The study comes as policymakers in several states focus on the prices charged by physician dispensers compared to pharmacies for the same medications.
But increasingly there is speculation that economic incentives associated with physician dispensing lead to unnecessary medications prescribed for injured workers.
“When we compare pre- and post-reform prescribing practices, it appears that physician-dispensers not only reduced their dispensing of strong opioids but also reduced prescribing of strong opioids,” said Richard Victor, WCRI’s executive director.
“Since Florida has banned physician dispensing of strong opioids, the lessons of this study are relevant for the other states concerned about eliminating unnecessary costs in their system while protecting injured workers from unnecessary medical care.”
Report Sparks NH Commissioner’s Call for Fee Schedule
A new report looking at the high workers’ comp costs in New Hampshire calls for creation of a database, implementation of a pharmacy benefit management program, and continuing the commission’s work. But several members of the gubernatorial task force rejected the majority report and said a medical fee schedule is needed.
Gov. Maggie Hassan received the report in December after the panel’s nearly three-month review of the system. She created the commission from insurance, business, health care, and labor to recommend ways to reduce workers’ comp medical costs.
The report’s first recommendation would require legislative approval to develop a database of workers’ comp charges and costs for collection, analysis, and a transparency tool to allow public access. But the three members opposing the report said rather than reducing costs, the database would “add substantial costs to the carriers that operate in NH since most do not track the claims in the manner expected by the commission.”
Insurance Commissioner Roger Sevigny, who chaired the commission, disagreed with the minority report’s assertion. “While the creation of such a database would be time-consuming, the information it eventually would generate would be invaluable to the ongoing examination of workers’ compensation costs in New Hampshire.” However, Sevigny admitted it would take some time.
“Until such a database is constructed, however, we cannot afford to do nothing,” he said. “Work should begin immediately on the creation of a fee schedule that is fair and based on the real costs of health care in New Hampshire.”
The minority report recommended adoption of a fee schedule using group health as a benchmark of appropriate medical charges. “This fee schedule would be fair to medical providers and not difficult or expensive to implement,” the minority report said. “If medical providers are accepting group health payments for non-work related injuries, what is the rationale for requiring workers’ compensation payers to pay upwards of 200 percent or 300 percent more for the same treatment?”
Sevigny said he “agreed in principle” with the idea but said a fee schedule must be “well thought out and carefully crafted.”
The full report’s recommendation to implement a mandatory PBM program was approved by all 15 members.
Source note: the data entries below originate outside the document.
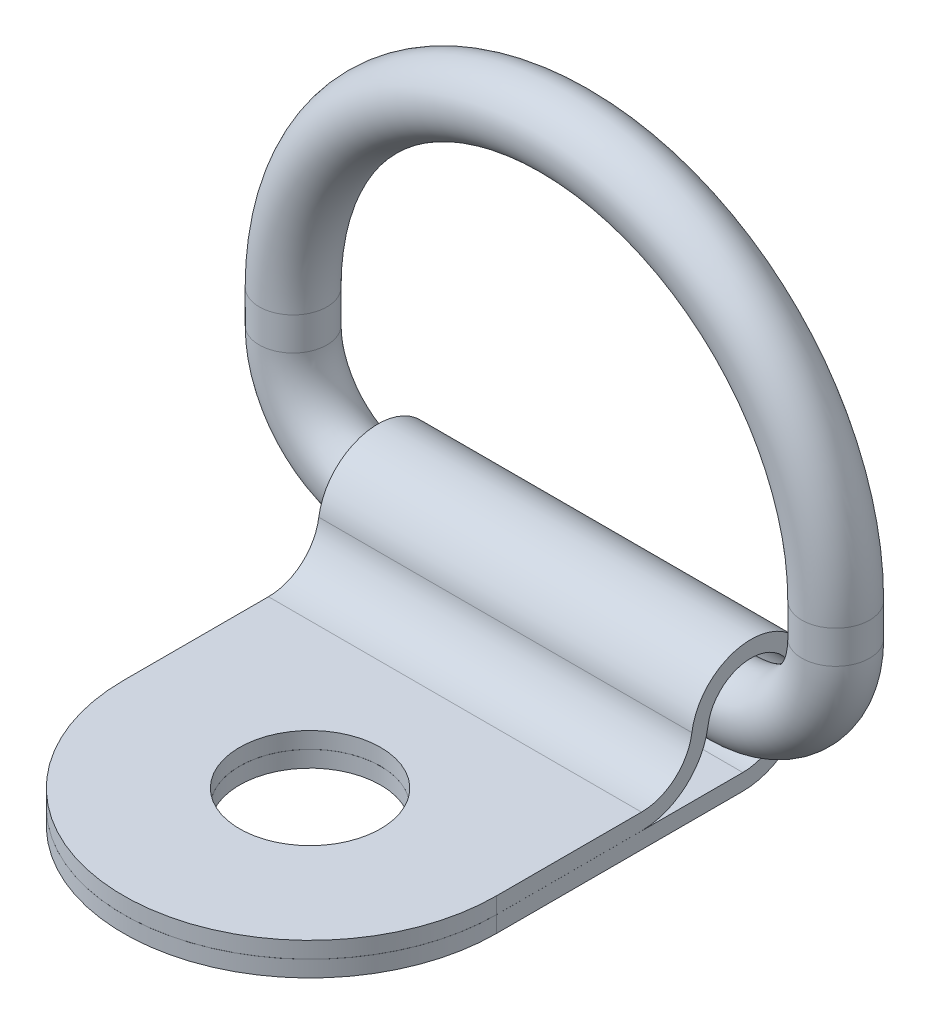
from build123d import *

# Parameters (mm, degrees)
SKETCH2_R           = 1.5875
BOSS_EXTRUDE1_DEPTH = 8.73125
SKETCH4_R           = 3.302
CUT_EXTRUDE1_DEPTH  = 35.598760474


with BuildPart() as part:
    # Sweep1: sweep along a path in Sketch1
    with BuildLine(Plane.XY) as sweep1_path:
        Line((-12.7, 6.35), (-12.7, 4.805901242))
        ThreePointArc((-12.7, 4.805901242), (-11.292384116, 1.407615884), (-7.894098758, 0))
        Line((-7.894098758, 0), (7.894098758, 0))
        ThreePointArc((7.894098758, 0), (11.292384116, 1.407615884), (12.7, 4.805901242))
        Line((12.7, 4.805901242), (12.7, 6.35))
        ThreePointArc((12.7, 6.35), (0, 19.05), (-12.7, 6.35))
    # Sketch2 → Sweep1 (sweep)
    with BuildSketch(Plane(origin=(0, 0, 0), x_dir=(0, 0, -1), z_dir=(1, 0, 0))):
        Circle(SKETCH2_R)
    sweep(path=sweep1_path.line)


with BuildPart() as body_2:
    # Sketch3 → Boss-Extrude1 (new, symmetric)
    with BuildSketch(Plane(origin=(0, 0, 0), x_dir=(0, 0, -1), z_dir=(1, 0, 0))):
        with BuildLine():
            Line((-20.6375, -3.175), (-0.381, -3.175))
            ThreePointArc((-0.381, -3.175), (1.86406403, -2.24506403), (2.794, 0))
            ThreePointArc((2.794, 0), (0.198308481, 2.786953488), (-2.765849496, 0.395616687))
            ThreePointArc((-2.765849496, 0.395616687), (-3.563066307, -1.066271632), (-5.12310759, -1.64846))
            Line((-5.12310759, -1.64846), (-20.6375, -1.64846))
            Line((-20.6375, -1.64846), (-20.6375, -2.41046))
            Line((-20.6375, -2.41046), (-5.12310759, -2.41046))
            ThreePointArc((-5.12310759, -2.41046), (-3.063853096, -1.641971355), (-2.011526906, 0.287721227))
            ThreePointArc((-2.011526906, 0.287721227), (0.14422435, 2.026875264), (2.032, 0))
            ThreePointArc((2.032, 0), (1.325248663, -1.706248663), (-0.381, -2.413))
            Line((-0.381, -2.413), (-20.6375, -2.413))
            Line((-20.6375, -2.413), (-20.6375, -3.175))
        make_face()
    extrude(amount=BOSS_EXTRUDE1_DEPTH, both=True)

    # Sketch4 → Cut-Extrude1 (cut, through all)
    with BuildSketch(Plane.XZ.offset(3.175)):
        with Locations(Location((0, 11.90625, 0), (0, 0, 270))):
            Circle(SKETCH4_R)
        with BuildLine():
            Line((-8.73125, 11.90625), (-8.73125, 20.6375))
            Line((-8.73125, 20.6375), (-8.73125, 21.9075))
            Line((-8.73125, 21.9075), (8.73125, 21.9075))
            Line((8.73125, 21.9075), (8.73125, 20.6375))
            Line((8.73125, 20.6375), (8.73125, 11.90625))
            ThreePointArc((8.73125, 11.90625), (0, 20.6375), (-8.73125, 11.90625))
        make_face()
    extrude(amount=-CUT_EXTRUDE1_DEPTH, mode=Mode.SUBTRACT)


solid = Compound([part.part, body_2.part])

However, the minority report said pharmacy “represents a very small percentage of the overall medical pie,” and a PBM program “will not impact the cost burden in any meaningful way.”
The full report’s recommendation to continue the commission’s work was opposed by both Sevigny and the minority members. “While I agree that more work needs to be done, I am concerned that the many methodologies and possibilities the group has committed to examining in this recommendation will make any future effort on the Commission’s part unduly diffuse,” the commissioner said. “Thoughtfully limiting any future Commission’s scope is necessary if anything is to be accomplished.”